▶ _GIVEN RECORDS_:
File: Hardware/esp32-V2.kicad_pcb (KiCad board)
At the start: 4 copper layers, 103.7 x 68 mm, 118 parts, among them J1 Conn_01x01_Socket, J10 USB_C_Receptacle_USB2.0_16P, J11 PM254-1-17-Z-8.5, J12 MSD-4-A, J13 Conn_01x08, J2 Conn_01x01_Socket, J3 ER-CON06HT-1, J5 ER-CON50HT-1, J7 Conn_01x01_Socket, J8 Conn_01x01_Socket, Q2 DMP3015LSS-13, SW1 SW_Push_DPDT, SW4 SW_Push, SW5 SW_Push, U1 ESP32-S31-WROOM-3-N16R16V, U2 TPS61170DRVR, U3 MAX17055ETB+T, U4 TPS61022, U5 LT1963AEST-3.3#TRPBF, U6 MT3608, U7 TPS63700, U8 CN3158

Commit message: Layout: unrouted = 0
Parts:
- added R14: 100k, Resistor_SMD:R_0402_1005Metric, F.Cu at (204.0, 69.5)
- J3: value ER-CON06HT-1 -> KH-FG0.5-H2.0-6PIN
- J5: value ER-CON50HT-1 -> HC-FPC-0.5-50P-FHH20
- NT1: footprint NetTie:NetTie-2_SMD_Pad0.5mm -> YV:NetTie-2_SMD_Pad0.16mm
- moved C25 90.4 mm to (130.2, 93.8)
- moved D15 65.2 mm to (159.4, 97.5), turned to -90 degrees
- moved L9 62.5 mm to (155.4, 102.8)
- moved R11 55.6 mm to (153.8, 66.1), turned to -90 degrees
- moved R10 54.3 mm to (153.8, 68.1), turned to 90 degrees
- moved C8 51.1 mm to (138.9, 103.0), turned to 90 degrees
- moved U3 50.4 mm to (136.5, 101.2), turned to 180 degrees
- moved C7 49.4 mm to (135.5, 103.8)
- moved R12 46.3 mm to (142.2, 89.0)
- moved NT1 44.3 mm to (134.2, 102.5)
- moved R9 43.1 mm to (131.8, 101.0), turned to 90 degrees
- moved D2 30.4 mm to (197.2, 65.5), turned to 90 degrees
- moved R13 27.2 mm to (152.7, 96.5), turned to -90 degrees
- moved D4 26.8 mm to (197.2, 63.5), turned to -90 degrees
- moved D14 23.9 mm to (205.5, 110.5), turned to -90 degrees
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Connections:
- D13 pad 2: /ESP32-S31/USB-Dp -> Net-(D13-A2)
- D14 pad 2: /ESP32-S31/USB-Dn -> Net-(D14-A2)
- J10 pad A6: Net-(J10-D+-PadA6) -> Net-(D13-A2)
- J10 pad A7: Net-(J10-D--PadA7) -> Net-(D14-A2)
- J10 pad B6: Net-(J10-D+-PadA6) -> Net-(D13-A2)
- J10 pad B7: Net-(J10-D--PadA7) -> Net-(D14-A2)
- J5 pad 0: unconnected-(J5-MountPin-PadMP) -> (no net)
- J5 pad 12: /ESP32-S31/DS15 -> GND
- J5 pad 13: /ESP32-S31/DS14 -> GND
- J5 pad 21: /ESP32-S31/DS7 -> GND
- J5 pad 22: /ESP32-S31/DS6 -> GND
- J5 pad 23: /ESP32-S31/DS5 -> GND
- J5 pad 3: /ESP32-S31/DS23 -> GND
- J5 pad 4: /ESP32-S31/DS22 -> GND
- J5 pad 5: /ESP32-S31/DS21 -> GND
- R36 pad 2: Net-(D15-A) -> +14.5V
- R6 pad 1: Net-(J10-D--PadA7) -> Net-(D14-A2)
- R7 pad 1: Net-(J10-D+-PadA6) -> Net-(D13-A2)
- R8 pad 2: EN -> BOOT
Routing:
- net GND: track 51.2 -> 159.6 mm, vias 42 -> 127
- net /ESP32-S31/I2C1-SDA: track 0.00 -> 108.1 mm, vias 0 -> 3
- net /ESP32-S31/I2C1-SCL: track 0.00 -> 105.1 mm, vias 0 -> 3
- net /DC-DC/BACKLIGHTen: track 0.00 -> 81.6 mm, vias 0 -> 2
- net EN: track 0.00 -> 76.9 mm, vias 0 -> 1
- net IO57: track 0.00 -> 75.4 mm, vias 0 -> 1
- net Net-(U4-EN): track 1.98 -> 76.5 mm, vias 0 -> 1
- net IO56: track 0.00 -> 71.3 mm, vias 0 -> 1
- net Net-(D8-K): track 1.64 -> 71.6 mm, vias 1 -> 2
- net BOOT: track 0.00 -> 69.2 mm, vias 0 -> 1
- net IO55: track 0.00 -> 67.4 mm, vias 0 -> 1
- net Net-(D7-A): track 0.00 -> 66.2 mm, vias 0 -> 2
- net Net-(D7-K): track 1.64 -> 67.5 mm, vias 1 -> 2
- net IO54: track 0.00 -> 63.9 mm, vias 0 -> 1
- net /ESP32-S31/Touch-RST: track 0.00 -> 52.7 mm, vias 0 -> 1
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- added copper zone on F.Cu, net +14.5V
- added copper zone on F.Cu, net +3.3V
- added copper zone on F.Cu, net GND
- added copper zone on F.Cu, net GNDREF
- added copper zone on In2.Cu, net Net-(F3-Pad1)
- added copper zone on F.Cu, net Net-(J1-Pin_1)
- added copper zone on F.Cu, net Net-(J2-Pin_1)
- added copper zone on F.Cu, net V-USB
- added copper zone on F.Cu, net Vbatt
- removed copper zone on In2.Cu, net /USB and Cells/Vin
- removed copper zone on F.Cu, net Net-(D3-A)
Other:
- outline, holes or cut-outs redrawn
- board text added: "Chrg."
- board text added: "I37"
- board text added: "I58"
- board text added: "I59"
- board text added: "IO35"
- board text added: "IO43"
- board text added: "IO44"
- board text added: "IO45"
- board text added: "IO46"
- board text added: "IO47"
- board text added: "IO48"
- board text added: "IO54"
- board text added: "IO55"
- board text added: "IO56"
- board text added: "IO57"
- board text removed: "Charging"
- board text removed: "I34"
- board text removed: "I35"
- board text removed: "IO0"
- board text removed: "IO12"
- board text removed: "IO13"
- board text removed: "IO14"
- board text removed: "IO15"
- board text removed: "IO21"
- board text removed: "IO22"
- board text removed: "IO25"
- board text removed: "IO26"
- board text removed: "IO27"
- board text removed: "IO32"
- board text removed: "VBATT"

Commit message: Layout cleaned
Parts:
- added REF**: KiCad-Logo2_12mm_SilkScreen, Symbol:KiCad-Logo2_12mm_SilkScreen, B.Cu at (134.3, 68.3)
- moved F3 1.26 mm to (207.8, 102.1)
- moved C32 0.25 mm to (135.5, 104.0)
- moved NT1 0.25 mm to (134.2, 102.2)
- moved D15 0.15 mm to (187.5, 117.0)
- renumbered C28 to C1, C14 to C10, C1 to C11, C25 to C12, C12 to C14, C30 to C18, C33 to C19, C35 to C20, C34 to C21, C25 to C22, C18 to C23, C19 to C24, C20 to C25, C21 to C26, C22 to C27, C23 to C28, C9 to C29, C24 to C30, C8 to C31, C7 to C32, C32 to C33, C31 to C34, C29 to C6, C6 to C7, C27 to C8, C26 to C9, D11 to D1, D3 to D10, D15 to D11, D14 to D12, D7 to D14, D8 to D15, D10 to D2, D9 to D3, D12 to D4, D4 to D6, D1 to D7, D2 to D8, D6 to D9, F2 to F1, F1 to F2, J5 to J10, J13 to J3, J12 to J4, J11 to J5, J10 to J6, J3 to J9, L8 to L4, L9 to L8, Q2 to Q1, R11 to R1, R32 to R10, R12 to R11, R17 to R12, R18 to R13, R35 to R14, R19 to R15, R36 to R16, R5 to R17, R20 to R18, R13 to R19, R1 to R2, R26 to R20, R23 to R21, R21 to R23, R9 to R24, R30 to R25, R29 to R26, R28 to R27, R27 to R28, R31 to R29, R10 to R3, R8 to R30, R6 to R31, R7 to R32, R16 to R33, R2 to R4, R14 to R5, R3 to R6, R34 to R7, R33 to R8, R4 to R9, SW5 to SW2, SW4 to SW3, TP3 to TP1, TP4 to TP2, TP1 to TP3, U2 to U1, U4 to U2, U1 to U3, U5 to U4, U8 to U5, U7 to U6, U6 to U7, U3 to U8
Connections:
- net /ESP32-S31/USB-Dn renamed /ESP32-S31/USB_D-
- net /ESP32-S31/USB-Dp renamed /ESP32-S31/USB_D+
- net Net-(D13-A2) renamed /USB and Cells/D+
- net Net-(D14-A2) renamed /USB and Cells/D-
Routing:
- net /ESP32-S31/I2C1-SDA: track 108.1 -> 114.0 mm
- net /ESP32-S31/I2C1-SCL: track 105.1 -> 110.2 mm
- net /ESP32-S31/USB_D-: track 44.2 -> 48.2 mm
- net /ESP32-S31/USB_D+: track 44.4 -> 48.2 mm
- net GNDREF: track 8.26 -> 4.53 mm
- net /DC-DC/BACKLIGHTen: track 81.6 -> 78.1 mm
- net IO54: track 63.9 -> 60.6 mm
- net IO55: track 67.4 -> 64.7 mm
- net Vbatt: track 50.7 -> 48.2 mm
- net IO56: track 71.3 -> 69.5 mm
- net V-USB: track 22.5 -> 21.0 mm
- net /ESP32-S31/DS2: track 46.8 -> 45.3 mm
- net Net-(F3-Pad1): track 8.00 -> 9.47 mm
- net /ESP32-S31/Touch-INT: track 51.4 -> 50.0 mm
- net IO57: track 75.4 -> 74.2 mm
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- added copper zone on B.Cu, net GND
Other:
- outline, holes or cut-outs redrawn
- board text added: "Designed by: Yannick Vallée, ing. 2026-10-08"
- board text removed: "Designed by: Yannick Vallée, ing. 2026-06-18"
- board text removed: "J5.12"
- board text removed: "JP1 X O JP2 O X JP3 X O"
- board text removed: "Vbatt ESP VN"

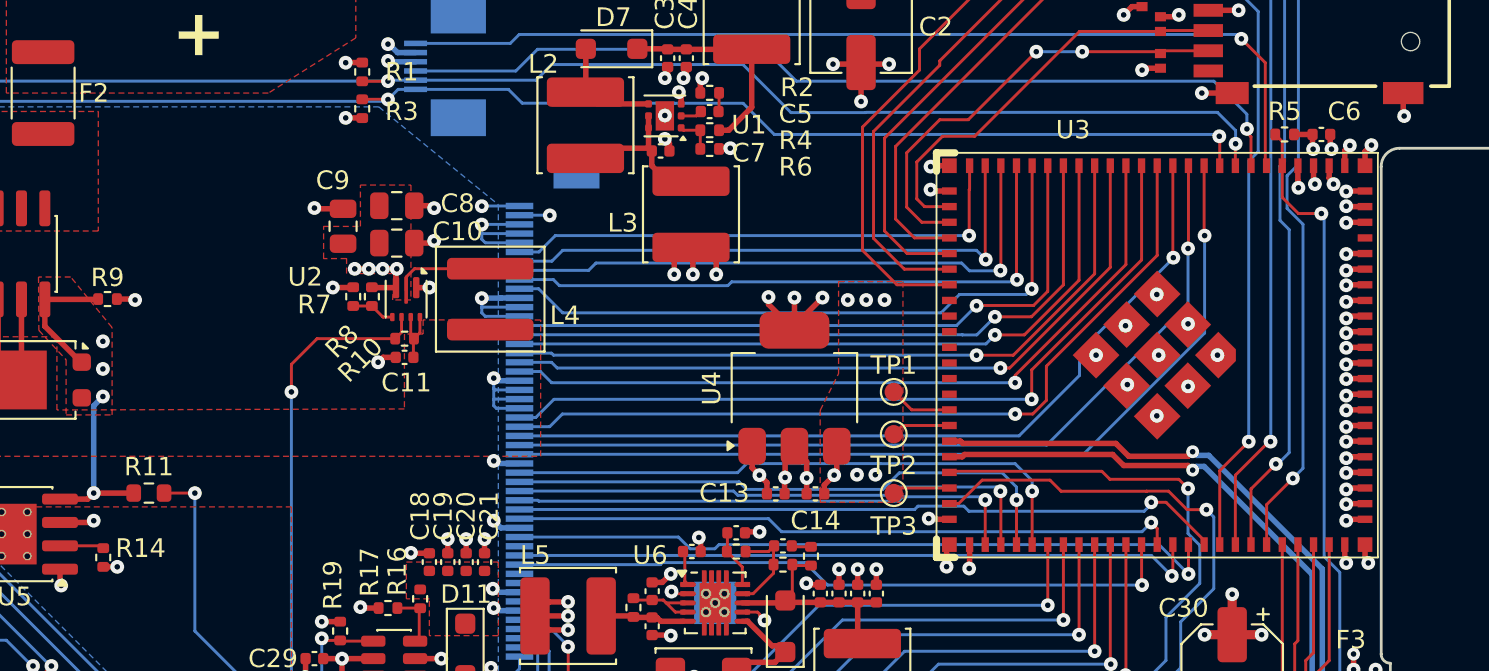
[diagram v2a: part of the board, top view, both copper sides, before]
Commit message: Update de la librairy et du BOM
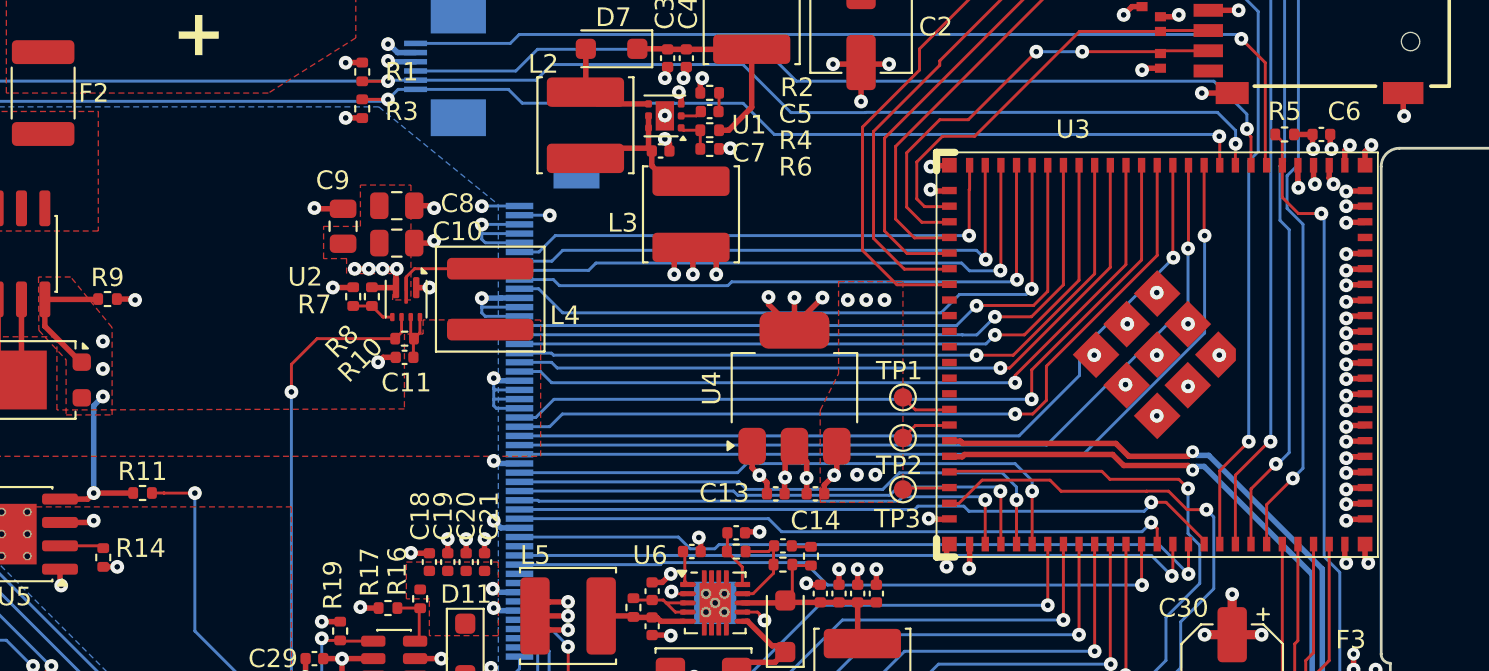
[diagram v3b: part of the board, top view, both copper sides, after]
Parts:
- D10, D11, D7: value D_Schottky -> Diode-DK24
- D9: value Fuxinsemi_PDS760 -> Diode-PDS760
- J3: value Conn_01x08 -> Conn_01x08_F_Header
- J6: value USB_C_Receptacle_USB2.0_16P -> USB_C_Receptacle-16p
- R11: footprint Resistor_SMD:R_0603_1608Metric -> Resistor_SMD:R_0402_1005Metric
- SW2, SW3: value SW_Push -> SW-000001
- U2: value TPS61022 -> IC-TPS61022
- U3: footprint PCM_Espressif:ESP32-S31-WROOM-3 -> YV:ESP32-S31-WROOM-3
- moved TP1 0.58 mm to (183.2, 83.8)
- moved TP2 0.54 mm to (183.2, 86.0)
- moved TP3 0.54 mm to (183.2, 88.8)
- moved R11 0.35 mm to (141.9, 89.0)
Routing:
- net Net-(D14-A): track 65.0 -> 65.7 mm
- net Net-(U3-USB_DP): track 3.43 -> 2.80 mm
- net Net-(U3-GPIO36*): track 3.14 -> 2.55 mm
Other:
- board text added: "Designed by: Yannick Vallée, ing. 2026-10-09"
- board text removed: "Designed by: Yannick Vallée, ing. 2026-10-08"

▶ _TASK DESCRIPTION_: Copy the entries word for word. Start at the first line and end with the line containing "- added R14: 100k, Resistor_SMD:R_0402_1005Metric, F.Cu".

▶ _SOLUTION_:
File: Hardware/esp32-V2.kicad_pcb (KiCad board)
At the start: 4 copper layers, 103.7 x 68 mm, 118 parts, among them J1 Conn_01x01_Socket, J10 USB_C_Receptacle_USB2.0_16P, J11 PM254-1-17-Z-8.5, J12 MSD-4-A, J13 Conn_01x08, J2 Conn_01x01_Socket, J3 ER-CON06HT-1, J5 ER-CON50HT-1, J7 Conn_01x01_Socket, J8 Conn_01x01_Socket, Q2 DMP3015LSS-13, SW1 SW_Push_DPDT, SW4 SW_Push, SW5 SW_Push, U1 ESP32-S31-WROOM-3-N16R16V, U2 TPS61170DRVR, U3 MAX17055ETB+T, U4 TPS61022, U5 LT1963AEST-3.3#TRPBF, U6 MT3608, U7 TPS63700, U8 CN3158

Commit message: Layout: unrouted = 0
Parts:
- added R14: 100k, Resistor_SMD:R_0402_1005Metric, F.Cu at (204.0, 69.5)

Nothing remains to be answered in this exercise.